12 Language to be used for all other Borrowing Base Certificates.

  

 
 

 

IN WITNESS WHEREOF, the undersigned has signed this Borrowing Base Certificate on and as of ___________, 20__.

 

   
  Name:  
  Title:  [Chief Financial Officer] [Chief Accounting Officer]13 of Trade Street Residential, Inc.

 

 

13 Select the correct title of officer signing.

  

 
 

 

EXHIBIT Q

 

FORM OF COMPLIANCE CERTIFICATE

 

Reference is made to the Credit Agreement dated as of January 31, 2014 (as amended, restated, supplemented or otherwise modified from time to time, the “Credit Agreement”), by and among Trade Street Operating Partnership, LP (the “Borrower”), Trade Street Residential, Inc. (the “Parent”), the financial institutions party thereto and their assignees under Section 13.5. thereof (the “Lenders”), Regions Bank, as Administrative Agent (the “Administrative Agent”), and the other parties thereto. Capitalized terms used herein, and not otherwise defined herein, have their respective meanings given to them in the Credit Agreement.

 

Pursuant to Section [6.1.(a)(xi)]1 [9.3.]2 of the Credit Agreement, the undersigned hereby certifies to the Administrative Agent, the Issuing Bank and the Lenders that:

 

1.          The undersigned is the [Chief Financial Officer] [Chief Accounting Officer]3 of the Parent.

 

2.          The undersigned has reviewed the terms of the Credit Agreement and has made a review of the transactions, financial condition and other affairs of the Borrower and its Subsidiaries as of, and during the relevant accounting period ending on, _______________, 20__ (the “Fiscal Period End Date”).

 

3.          Pursuant to the Credit Agreement, the Parent is furnishing to you herewith (or has most recently furnished to you) the consolidated financial statements of the Parent for the Fiscal Period End Date.
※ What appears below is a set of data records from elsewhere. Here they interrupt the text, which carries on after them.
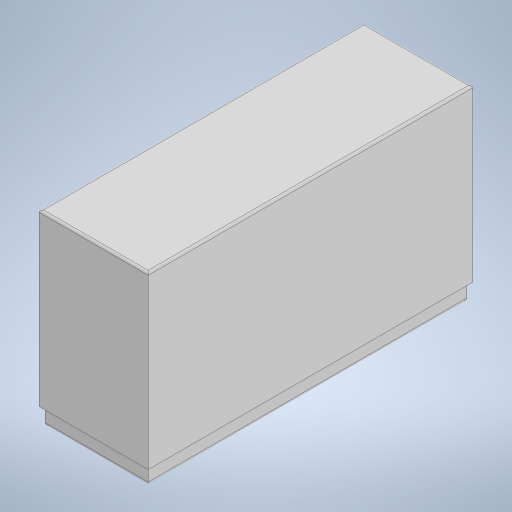
# Autodesk Inventor part: Caja bateria
Saved by Autodesk Inventor 2024.2 (Build 282272000, 272)
## iProperties
Created: 2024-11-30
Part Number: Caja bateria
Material: Genérico
Document SubType Name: Modeling
Designer: sergi
Density: 1 g/cm^3
Appearance: Valor por defecto
Author: sergi
Autodesk Inventor part; units mm, degrees
ref_plane "YZ Plane" through (0, 0, 0) normal (1, 0, 0) x (0, 1, 0)
ref_plane "XZ Plane" through (0, 0, 0) normal (0, 1, 0) x (-1, 0, 0)
ref_plane "XY Plane" through (0, 0, 0) normal (0, 0, 1) x (1, 0, 0)
sketch "Boceto1" plane through (0, 0, 0) normal (0, 1, 0) x (-1, 0, 0)
  line L0 (-25.25, 75.25) -> (25.25, 75.25)
  line L1 (25.25, 75.25) -> (25.25, -75.25)
  line L2 (25.25, -75.25) -> (-25.25, -75.25)
  line L3 (-25.25, -75.25) -> (-25.25, 75.25)
  line L4 (-25.25, 75.25) -> (25.25, -75.25) construction
  line L5 (25.25, 75.25) -> (-25.25, -75.25) construction
  line L6 (22.25, -72.25) -> (22.25, 72.25)
  line L7 (22.25, 72.25) -> (-22.25, 72.25)
  line L8 (-22.25, 72.25) -> (-22.25, -72.25)
  line L9 (-22.25, -72.25) -> (22.25, -72.25)
  point P0 (0, 0)
  dimension "d0" = 50.5
  dimension "d1" = 150.5
  dimension "d2" = 3
  dimension "d3" = 44.5
  constraints: 20 end point, 4 parallel, 2 midpoint, 2 perpendicular, 1 horizontal, 3 other
  measures "d0" distance of L1.end L2.end
  measures "d1" distance of L0.end L1.end
  measures "d2" distance between parallel lines of L1 L6
  measures "d3" distance between parallel lines of L8 L6
extrude "Extrusión1" add sketch "Boceto1" along normal blind 79
sketch "Boceto2" plane through (0, 79, 0) normal (0, 1, 0) x (1, 0, 0)
  line L0 (-22.25, -72.25) -> (-22.25, 72.25) projected
  line L1 (25.25, 75.25) -> (-25.25, 75.25) projected
  line L2 (-25.25, 75.25) -> (-25.25, -75.25) projected
  line L3 (-25.25, -75.25) -> (25.25, -75.25) projected
  line L4 (25.25, -75.25) -> (25.25, 75.25) projected
  line L5 (-22.25, 72.25) -> (22.25, 72.25) projected
  line L6 (22.25, 72.25) -> (22.25, -72.25) projected
  line L7 (22.25, -72.25) -> (-22.25, -72.25) projected
  line L8 (-22.25, -72.25) -> (-22.25, 72.25) projected
  point P0 (0, 0)
  point P1 (-22.25, 72.25)
extrude "Extrusión2" add sketch "Boceto2" against normal blind 3 contours L0 L5 L6 L7
fillet "Empalme1" radius 1 4 edges at (0, 79, 75.25) (25.25, 79, 0) (-25.25, 79, 0) (0, 79, -75.25)
sketch "Boceto3" plane through (0, 0, 0) normal (0, -1, 0) x (1, 0, 0)
  line L0 (25.25, -75.25) -> (-25.25, -75.25) projected
  line L1 (25.25, 75.25) -> (25.25, -75.25) projected
  line L2 (-25.25, 75.25) -> (25.25, 75.25) projected
  line L3 (-25.25, -75.25) -> (-25.25, 75.25) projected
  line L4 (-22.25, -72.25) -> (22.25, -72.25) projected
  line L5 (-22.25, 72.25) -> (-22.25, -72.25) projected
  line L6 (22.25, 72.25) -> (-22.25, 72.25) projected
  line L7 (22.25, -72.25) -> (22.25, 72.25) projected
  line L8 (23.85, 73.85) -> (-23.85, 73.85)
  line L9 (-23.85, 73.85) -> (-23.85, -73.85)
  line L10 (-23.85, -73.85) -> (23.85, -73.85)
  line L11 (23.85, -73.85) -> (23.85, 73.85)
  point P0 (0, 0)
  dimension "d9" = 1.6
  constraints: 8 end point, 3 other
  measures "d9" distance between parallel lines of L7 L11
extrude "Extrusión3" add sketch "Boceto3" along normal blind 8 contours L11 L10 L9 L8
fillet "Empalme2" radius 1.6 4 edges at (-23.85, -8, 0) (0, -8, 73.85) (23.85, -8, 0) (0, -8, -73.85)
fillet "Empalme3" radius 1.6 4 edges at (22.25, 76, 0) (0, 76, 72.25) (0, 76, -72.25) (-22.25, 76, 0)

In the undersigned’s opinion, such financial statements present fairly, in accordance with GAAP and in all material respects, the consolidated financial position of Parent and its Subsidiaries as of the date thereof and the result of operations for such period.

 

4.          Schedule I attached hereto sets forth in reasonable detail as of the end of such fiscal quarter or fiscal year, as the case may be, the calculations required to establish whether the Borrower was in compliance with the covenants contained in Section 10.1 as of the Fiscal Period End Date.

 

5.          As of the date hereof, the aggregate principal amount of all outstanding Revolving Loans and Swingline Loans, together with the aggregate amount of all Letter of Credit Liabilities are less than or equal to the Maximum Loan Availability.

 

6.          To the best of the undersigned’s knowledge, information and belief, no Default or Event of Default exists as of the date hereof [except as set forth on Attachment A hereto, which accurately describes the nature of the conditions(s) or event(s) that constitute (a) Default(s) or (an) Event(s) of Default and the actions which the Borrower (is taking)(is planning to take) with respect to such condition(s) or event(s)],

 

 

1To be delivered on the Effective Date.

 

2To be delivered on quarterly.

 

3Select the correct title of the officer signing.

 

1
 

 

7.          The representations and warranties of the Borrower and the other Loan Parties contained in the Credit Agreement and the other Loan Documents are true and correct in all material respects on and as of the date hereof (except in the case of a representation or warranty qualified by materiality, in which case such representation or warranty is true and correct in all respects), except to the extent such representations or warranties expressly relate solely to an earlier date (in which case such representations and warranties were true and correct in all material respects (except in the case of a representation or warranty qualified by materiality, in which case such representation or warranty was true and correct in all respects) on and as of such earlier date) and except for changes in factual circumstances specifically and expressly permitted under the Credit Agreement and the other Loan Documents.

 

IN WITNESS WHEREOF, the undersigned has signed this Compliance Certificate on and as of ___________, 20__.

 

     
  Name:  
  Title: [Chief Financial Officer] [Chief Accounting
    Officer]4 of Trade Street Residential, Inc.

 

 

4Select the correct title of the officer signing.